Aber warum sollte man dann das Unternehmerrisiko (mit)übernehmen? Um noch einmal die Casino-Metapher zu bemühen: Man spielt zwar mit eigenem Geld, aber jemand anderer platziert die Einsätze. Das wird kein vernünftiger Mensch tun! Letztlich ist es aber nichts anderes, wenn man zu einem Gehalt arbeitet, das unter dem Marktniveau liegt, weil man auf eine spätere hohe Prämie hofft. Dazu kommt, dass in der Regel gar keine echten Beteiligungen angeboten werden, sondern lediglich sogenannte „Virtual Stock Options“. Dabei handelt es sich in Wahrheit bloß um eine Prämie, die nur im Verkaufsfall bezahlt wird und deren Berechnungsgrundlage der dann erzielte Erlös ist.

Der Grund für solche Konstruktionen? Nun, ein Grund ist die häufig teure und schwierige Gestaltung echter Beteiligungen. Dies könnte man noch verstehen. Allerdings steckt dahinter auch ein ausdrücklicher Wunsch, die MitarbeiterInnen zwar finanziell zu verlocken, aber ihnen keine Mitspracherechte einzuräumen. Da wird letztlich ziemlich deutlich, was die GründerInnen wirklich von ArbeitnehmerInnen halten: Gebraucht werden wir schon, und wir sollen auch möglichst billig arbeiten, aber Fragen der technischen oder wirtschaftlichen Entwicklung mit unsereins „auf Augenhöhe“ zu besprechen und zu entscheiden – das wird offenbar als Zeitverschwendung betrachtet.

Korrekter Anteil

Und gerade „Jungunternehmer“ mit so einer Geisteshaltung scheitern ganz besonders häufig: an ihrer eigenen Überheblichkeit. Natürlich: Kollektivvertragliche Mindestgehälter müssen ohnedies in allen Fällen gezahlt werden, unter dieses Niveau zu gehen ist immer rechtswidrig und rechtsunwirksam.

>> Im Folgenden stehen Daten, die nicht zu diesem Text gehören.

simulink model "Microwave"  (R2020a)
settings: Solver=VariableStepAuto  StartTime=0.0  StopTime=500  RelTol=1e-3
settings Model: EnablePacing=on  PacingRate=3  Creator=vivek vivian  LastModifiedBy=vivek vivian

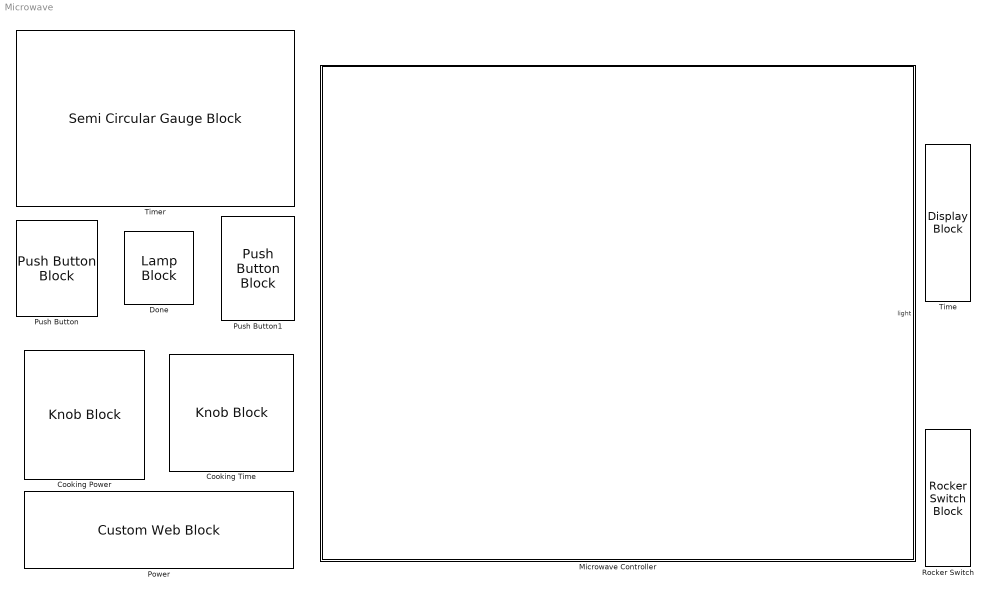
== system Microwave ==
  Cooking Power : KnobBlock  ScaleMax=800
  Cooking Time : KnobBlock  ScaleMax=1000
  Done : LampBlock
  Microwave Controller : Subsystem
  Power : CustomWebBlock  ShowInitialText=on  Configuration="{\"components\":[{\"name\":\"LinearScaleComponent\",\"settings\":{\"bounds\":{\"max\":800,\"min\":0,\"tickInterval\":\"auto\"},\"labelColor\":[250,245,199],\"labelFont\":{\"font\":\"Arial\",\"fontSize\":12},\"labelTransparency\":1,\"needleImage\":{\"size\":[21,75],\"src\":\"data:image\\/svg+xml;base64,PHN2ZyB4bWxucz0iaHR0cDovL3d3dy53My5vcmcvMjAwMC9zdmciIHhtbG5zOnhsaW5rPSJodHRwOi8vd3d3LnczLm9yZy8xOTk5L3hsaW5rIiB2aWV3Qm94PSIwIDAgMjEgNzUiPjxkZWZzPjxzdHlsZT4uY2xzLTF7ZmlsbDpub25lO30uY2xzLTJ7aXNvbGF0aW9uOmlzb2xhdGU7fS5jbHMtM3tjbGlwLXBhdGg6dXJsKCNjbGlwLXBhdGgpO30uY2xzLTR7b3BhY2l0eTowLjM7bWl4LWJsZW5kLW1vZGU6bXVsdGlwbHk7fS5jbHMtNXtmaWxsOiNlYjI2Mjk7fTwvc3R5bGU+PGNsaXBQYXRoIGlkPSJjbGlwLXBhdGgiIHRyYW5zZm9y ...(+1928 chars)\",\"srcOrientation\":\"horizontal\"},\"needleOffset\":[0,0.01094391244870041],\"needleSize\":{\"height\":0.7589285714285714,\"width\":0.11960078534031414},\"position\":[0.069580078125,0.019997667910447763,0.9640858208955224,0.799560546875],\"scaleColorSize\":0.24,\"scaleColors\":[],\"scaleColorsSize\":0.2,\"tickColor\":[250,245,200],\"tickTransparency\":1,\"valueBarColor\":[23,89,176],\"valueBarSize\":0.23,\"valueBarTransparency\":1}},{\"name\":\"BackgroundImageComponent\",\"settings\":{\"image\":{\"size\":[380,101],\"src\":\"data:image\\/svg+xml;base64,PHN2ZyB4bWxucz0iaHR0cDovL3d3dy53My5vcmcvMjAwMC9zdmciIHhtbG5zOnhsaW5rPSJodHRwOi8vd3d3LnczLm9yZy8xOTk5L3hsaW5rIiB2aWV3Qm94PSIwIDAgMzgwIDEwMSI+PGRlZnM+PHN0eWxlPi5jbHMtMXtmaWxsOnVybCgjbGluZWFyLWdyYWRpZW50KTt9LmNscy0ye2ZpbGw6dXJsKCNsaW5lYXItZ3JhZGllbnQtMik7fS5jbHMtM3tmaWxsOnVybCgjbGluZWFyLWdyYWRpZW50LTMpO308L3N0eWxlPjxsaW5lYXJHcmFkaWVudCBpZD0ibGluZWFyLWdyYWRpZW50IiB5MT0iNTAuNSIgeDI9IjM5OS4yOCIgeTI9IjUw ...(+2216 chars)\",\"srcOrientation\":\"horizontal\"},\"position\":[0,0,1,1],\"scaleMode\":\"0\"}}],\"settings\":{\"BindingType\":\"signal\",\"fixedAspectRatio\":\"on\",\"orientation\":\"horizontal\"},\"type\":\"LinearGauge\"}"
  Push Button : PushButtonBlock  ButtonText=START
  Push Button1 : PushButtonBlock  ButtonText=STOP
  Rocker Switch : RockerSwitchBlock
      settings: Values={{'OPEN', 'CLOSE'}, [0 1]}
  Time : DisplayBlock  LabelPosition=Hide  Format=short  Transparency=1
  Timer : SemiCircularGaugeBlock  ScaleMax=1000

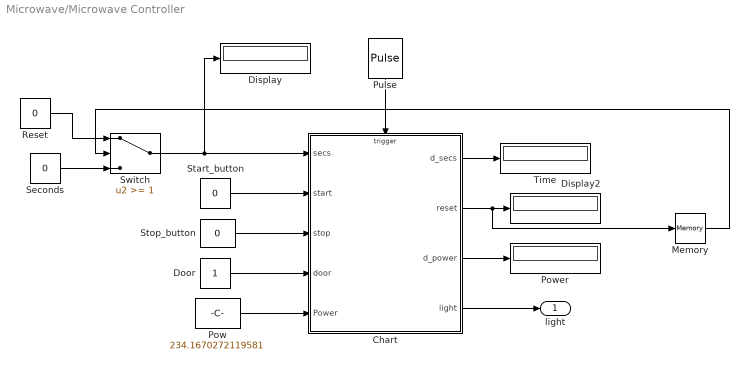
== system Microwave/Microwave Controller ==
  Chart : Stateflow chart  TreatAsAtomicUnit=on
  Display : Display
  Display2 : Display
  Door : Constant
  Memory : Memory  InitialCondition=1
  Pow : Constant  Value=234.1670272119581  OutDataTypeStr=uint32
  Power : Display
  Pulse : DiscretePulseGenerator  PulseType=Time based  Period=1  PulseWidth=5
  Reset : Constant  Value=0  OutDataTypeStr=uint32
  Seconds : Constant  Value=0  OutDataTypeStr=uint32
  Start_button : Constant  Value=0
  Stop_button : Constant  Value=0
  Switch : Switch  Threshold=1
  Time : Display
  light : Outport
  wires:
  Door/1 -> Chart/4(door)
  Chart/3(d_power) -> Power/1
  Chart/2(reset) -> Memory/1, Display2/1
  Start_button/1 -> Chart/2(start)
  Chart/1(d_secs) -> Time/1
  Stop_button/1 -> Chart/3(stop)
  Pow/1 -> Chart/5(Power)
  Pulse/1 -> Chart/Trigger
  Chart/4(light) -> light/1
  Seconds/1 -> Switch/3
  Memory/1 -> Switch/2
  Reset/1 -> Switch/1
  Switch/1 -> Chart/1(secs), Display/1

== stateflow chart Microwave/Microwave Controller/Chart ==
  settings: executeAtInitialization=1
  state Microwave
    en:d_secs=0;sec=0;d_power=0;light=0;reset=0;
    du:count=secs;count_in=secs;d_secs=secs;
    d_power=Power;
  state stop
    en:en=0;
    du:d_secs=count_in;light=0;
    d_power=Power;
    on TIC:Inactive()
    if en==1
    reset=0;
    end;
    ex:sec=0;
  state Cooking
    du:d_secs=count_in;count=secs;
    d_power=Power;
    on TIC:count_in=count_in-1;
  state Check
    en:count_in=secs
    count=secs;
  stop -> Microwave [order 3] : [reset==0]
  stop -> Microwave [order 2] : [stop==1||count==0]
  (default) -> Microwave
  Cooking -> stop [order 4] : [count_in==0]{reset=1;light=1}
  Cooking -> stop [order 1] : [door==0]{reset=1}
  Microwave -> Cooking : [start==1&&door==1]
  Cooking -> stop [order 2] : [stop==1]{reset=1}
  Cooking -> Check [order 3] : [count>secs||count<secs]
  Check -> Cooking : [count_in>=0]
  stop -> Cooking [order 1] : [start==1&&door==1]{reset=0}
  data: d_secs output uint32; secs input uint32; count local uint32; start input; stop input; door input; count_in local uint32; reset output; sec local; en local; Power input; d_power output uint32; light output
  events: TIC input RISING_EDGE_EVENT
  function Inactive:
    | function Inactive
    | sec = sec+1;
    | if sec == 300
    |     en=1;
    | end
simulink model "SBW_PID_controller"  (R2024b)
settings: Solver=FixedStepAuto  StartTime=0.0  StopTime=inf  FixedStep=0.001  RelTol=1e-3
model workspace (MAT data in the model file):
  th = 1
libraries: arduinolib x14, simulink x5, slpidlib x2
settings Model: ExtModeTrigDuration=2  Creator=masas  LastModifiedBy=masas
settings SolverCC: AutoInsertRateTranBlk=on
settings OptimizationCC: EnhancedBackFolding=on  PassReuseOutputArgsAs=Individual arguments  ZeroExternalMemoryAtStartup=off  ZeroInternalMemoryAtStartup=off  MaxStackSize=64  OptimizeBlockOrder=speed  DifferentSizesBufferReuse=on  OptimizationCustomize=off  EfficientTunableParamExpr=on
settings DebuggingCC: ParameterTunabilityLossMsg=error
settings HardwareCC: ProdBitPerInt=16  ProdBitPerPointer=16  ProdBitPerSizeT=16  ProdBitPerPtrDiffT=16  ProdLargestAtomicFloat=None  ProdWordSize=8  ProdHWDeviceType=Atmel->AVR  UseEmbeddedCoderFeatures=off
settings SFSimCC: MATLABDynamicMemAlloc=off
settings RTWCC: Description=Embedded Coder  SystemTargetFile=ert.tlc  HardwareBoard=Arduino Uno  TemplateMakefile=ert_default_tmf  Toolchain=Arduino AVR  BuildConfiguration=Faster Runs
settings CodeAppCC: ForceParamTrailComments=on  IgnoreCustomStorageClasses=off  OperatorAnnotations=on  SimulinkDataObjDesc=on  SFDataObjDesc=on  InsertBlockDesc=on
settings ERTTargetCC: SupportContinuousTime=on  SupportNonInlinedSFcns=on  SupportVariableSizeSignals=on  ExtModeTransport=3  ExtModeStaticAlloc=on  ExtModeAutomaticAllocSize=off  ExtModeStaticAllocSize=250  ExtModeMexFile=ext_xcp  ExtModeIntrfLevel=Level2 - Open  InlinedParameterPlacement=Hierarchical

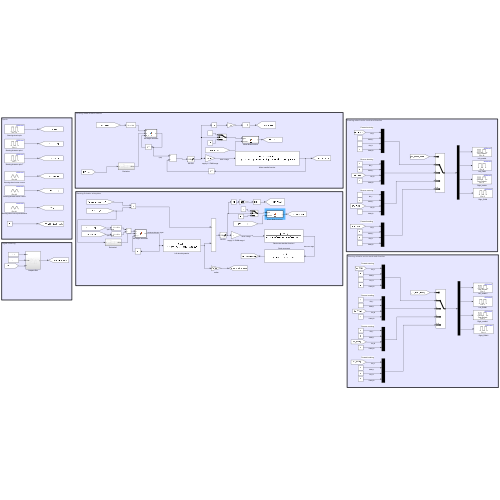
[thumbnail: Simulink's stored preview of the top-level diagram]
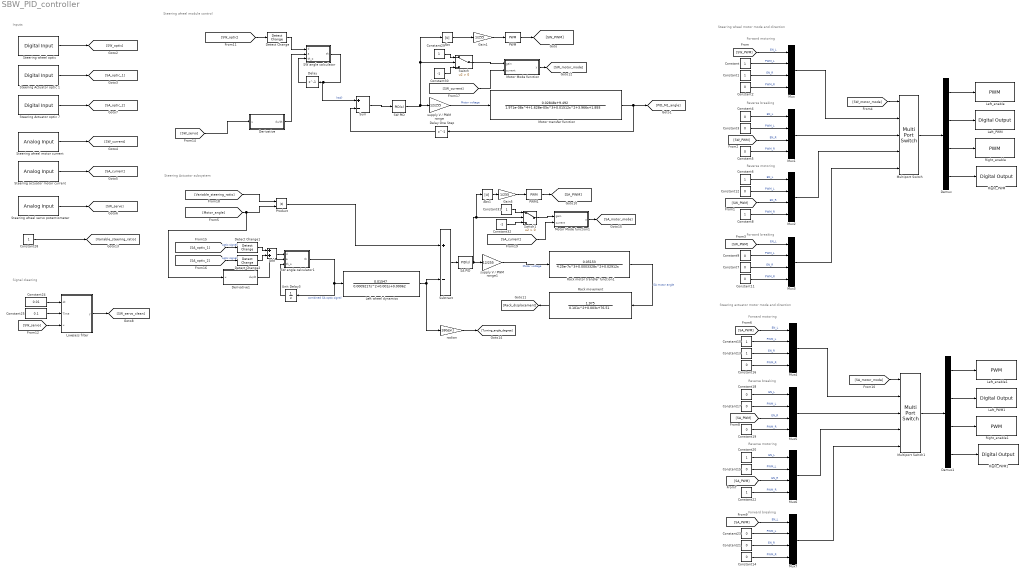
== system SBW_PID_controller ==
  note: Steering Actuator subsystem
  note: Signal cleaning
  note: Inputs
  note: Steering wheel module control
  note: Forward motoring
  note: Steering wheel motor mode and direction
  note: Reverse breaking
  note: Reverse motoring
  note: Forward breaking
  note: Forward breaking
  note: Reverse motoring
  note: Steering actuator motor mode and direction
  note: Forward motoring
  note: Reverse breaking
  Abs : Abs  SaturateOnIntegerOverflow=off
  Abs1 : Abs  SaturateOnIntegerOverflow=off
  Add : Sum
  Constant{,1,6,8,10,13,20,22,28..29,31} (11 alike) : Constant
  Constant{2..5,7,9,11..12,14..19,21,23} (16 alike) : Constant  Value=0
  Constant24 : Constant  Value=0.01
  Constant25 : Constant  Value=0.1
  Constant30 : Constant  Value=-1
  Constant32 : Constant  Value=-1
  Delay : Delay  DelayLength=1
  Delay One Step : Delay  DelayLength=1
  Demux : Demux
  Demux1 : Demux
  Derivative : Subsystem
  Derivative1 : Subsystem
  Detect Change : simulink/Logic and Bit Operations/Detect Change  vinit=0  OutDataTypeStr=boolean
  Detect Change1 : simulink/Logic and Bit Operations/Detect Change  vinit=0  OutDataTypeStr=boolean
  Detect Change2 : simulink/Logic and Bit Operations/Detect Change  vinit=0  OutDataTypeStr=boolean
  Gain1 : Gain  Gain=1/255
  Gain5 : Gain  Gain=1/255
  Left wheel dynamics : TransferFcn  Numerator=[0.01547]  Denominator=[0.0009217 0.001 0.00062]
  Left_PWM : arduinolib/Digital Output  pinNumber=8  Direction=output  blockPlatform=arduino
      settings: SourceProductName=Common
  Left_PWM1 : arduinolib/Digital Output  pinNumber=3  Direction=output  blockPlatform=arduino
      settings: SourceProductName=Common
  Left_enable : arduinolib/PWM  pinNumber=10  frequencyType=Default  desiredFrequency=490.2  achievableFrequency=490.2
      settings: SourceProductName=Common
  Left_enable1 : arduinolib/PWM  pinNumber=5  frequencyType=Default  desiredFrequency=490.2  achievableFrequency=490.2
      settings: SourceProductName=Common
  Lowpass filter : Subsystem
  Motor Mode function : MATLAB Function  TreatAsAtomicUnit=on
  Motor Mode function1 : MATLAB Function  TreatAsAtomicUnit=on
  Motor transfer function : TransferFcn  Numerator=[0.02848 9.492]  Denominator=|
      | [1.971e-08 1.628e-05 0.01512  3.966 1.893
      |  ]
  Multiport Switch : MultiPortSwitch  Inputs=4  SaturateOnIntegerOverflow=off  InputSameDT=off
  Multiport Switch1 : MultiPortSwitch  Inputs=4  SaturateOnIntegerOverflow=off  InputSameDT=off
  Mux{,1..7} (8 alike) : Mux
  PWM : simulink/Discontinuities/PWM  DisableCoverage=on  Period=0.01  InitialDelay=0  DisallowZeroDutyCycle=off  RunAtFixedTimeIntervals=on  SampleTime=0.1
  PWM1 : simulink/Discontinuities/PWM  DisableCoverage=on  Period=0.01  InitialDelay=0  DisallowZeroDutyCycle=off  RunAtFixedTimeIntervals=on  SampleTime=0.1
  Product : Product
  Rack motor transfer function1 : TransferFcn  Numerator=[0.05153]  Denominator=[4.25e-7 0.0003328 0.02912 0]
  Rack movement : TransferFcn  Numerator=[1.975]  Denominator=[0.101 0.003 76.51]
  Right_PWM : arduinolib/Digital Output  pinNumber=9  Direction=output  blockPlatform=arduino
      settings: SourceProductName=Common
  Right_PWM1 : arduinolib/Digital Output  pinNumber=4  Direction=output  blockPlatform=arduino
      settings: SourceProductName=Common
  Right_enable : arduinolib/PWM  pinNumber=11  frequencyType=Default  desiredFrequency=490.2  achievableFrequency=490.2
      settings: SourceProductName=Common
  Right_enable1 : arduinolib/PWM  pinNumber=6  frequencyType=Default  desiredFrequency=490.2  achievableFrequency=490.2
      settings: SourceProductName=Common
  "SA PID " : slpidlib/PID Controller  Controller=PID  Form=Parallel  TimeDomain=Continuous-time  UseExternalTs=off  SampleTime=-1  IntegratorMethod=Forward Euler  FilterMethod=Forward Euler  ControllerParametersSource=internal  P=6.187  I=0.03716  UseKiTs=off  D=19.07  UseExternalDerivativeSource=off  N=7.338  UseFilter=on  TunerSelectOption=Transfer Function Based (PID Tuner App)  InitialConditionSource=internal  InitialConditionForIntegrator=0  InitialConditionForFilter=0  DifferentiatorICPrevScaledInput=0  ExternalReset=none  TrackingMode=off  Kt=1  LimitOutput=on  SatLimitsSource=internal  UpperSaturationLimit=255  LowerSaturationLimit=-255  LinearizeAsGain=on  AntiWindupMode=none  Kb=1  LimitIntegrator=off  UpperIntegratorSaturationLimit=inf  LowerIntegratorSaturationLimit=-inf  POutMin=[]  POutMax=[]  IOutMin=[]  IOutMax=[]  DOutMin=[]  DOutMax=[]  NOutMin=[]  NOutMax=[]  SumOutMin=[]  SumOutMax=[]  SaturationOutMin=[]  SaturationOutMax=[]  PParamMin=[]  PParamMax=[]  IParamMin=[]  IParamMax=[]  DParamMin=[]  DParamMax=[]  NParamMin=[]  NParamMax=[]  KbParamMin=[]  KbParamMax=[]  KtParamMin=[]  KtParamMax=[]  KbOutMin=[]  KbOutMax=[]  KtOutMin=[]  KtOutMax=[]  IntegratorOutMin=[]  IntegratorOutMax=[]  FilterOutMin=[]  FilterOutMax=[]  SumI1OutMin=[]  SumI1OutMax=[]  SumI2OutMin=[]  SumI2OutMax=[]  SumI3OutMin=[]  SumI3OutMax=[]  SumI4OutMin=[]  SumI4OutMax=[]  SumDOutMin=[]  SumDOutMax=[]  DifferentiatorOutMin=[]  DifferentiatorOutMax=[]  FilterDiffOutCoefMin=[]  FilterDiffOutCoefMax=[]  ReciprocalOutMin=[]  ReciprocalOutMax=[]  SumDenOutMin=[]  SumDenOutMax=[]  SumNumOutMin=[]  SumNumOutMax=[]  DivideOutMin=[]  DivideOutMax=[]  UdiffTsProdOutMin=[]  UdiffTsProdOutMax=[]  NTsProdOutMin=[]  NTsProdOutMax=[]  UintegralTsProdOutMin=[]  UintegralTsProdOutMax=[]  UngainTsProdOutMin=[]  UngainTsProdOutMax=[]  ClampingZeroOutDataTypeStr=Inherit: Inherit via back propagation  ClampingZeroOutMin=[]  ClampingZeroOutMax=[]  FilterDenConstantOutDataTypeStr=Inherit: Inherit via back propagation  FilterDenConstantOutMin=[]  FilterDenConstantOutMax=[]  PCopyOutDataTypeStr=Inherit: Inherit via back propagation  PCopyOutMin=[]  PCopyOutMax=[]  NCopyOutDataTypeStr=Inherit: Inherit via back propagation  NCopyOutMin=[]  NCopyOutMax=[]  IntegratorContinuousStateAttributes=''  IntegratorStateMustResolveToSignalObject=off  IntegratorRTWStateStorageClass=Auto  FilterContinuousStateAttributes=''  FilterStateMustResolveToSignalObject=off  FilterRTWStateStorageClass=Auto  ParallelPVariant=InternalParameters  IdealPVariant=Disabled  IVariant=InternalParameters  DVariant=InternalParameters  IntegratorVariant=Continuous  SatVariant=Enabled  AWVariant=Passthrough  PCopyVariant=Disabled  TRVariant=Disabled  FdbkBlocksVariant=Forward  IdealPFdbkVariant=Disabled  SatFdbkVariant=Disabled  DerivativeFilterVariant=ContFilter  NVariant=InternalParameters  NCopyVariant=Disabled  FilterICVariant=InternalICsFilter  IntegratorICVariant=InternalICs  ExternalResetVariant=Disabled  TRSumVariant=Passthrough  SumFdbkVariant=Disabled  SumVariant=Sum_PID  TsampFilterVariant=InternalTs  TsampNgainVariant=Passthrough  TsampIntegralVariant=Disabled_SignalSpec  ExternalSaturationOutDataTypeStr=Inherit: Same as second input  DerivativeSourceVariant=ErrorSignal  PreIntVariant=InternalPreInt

Das gilt auch dann, wenn die wunderschönste „Beteiligungs“-Prämie für den Fall eines erfolgreichen Verkaufes zugesagt wird. Aber in aller Regel liegen die marktüblichen Gehälter höher, gerade in jenen Branchen, in denen Start-ups häufig sind, wie in der IT oder der Medizintechnik. Von einem „geschenkten Gaul“, dem man nicht ins Maul schaut, könnte man nur sprechen, wenn zusätzlich zu einem absolut marktkonformen, überkollektivvertraglichen Gehalt und der korrekten Bezahlung aller Überstunden noch eine Virtual Stock Option käme. Das wäre ein Gratis-Los – und dagegen, aber wirklich nur dagegen, spricht natürlich nichts.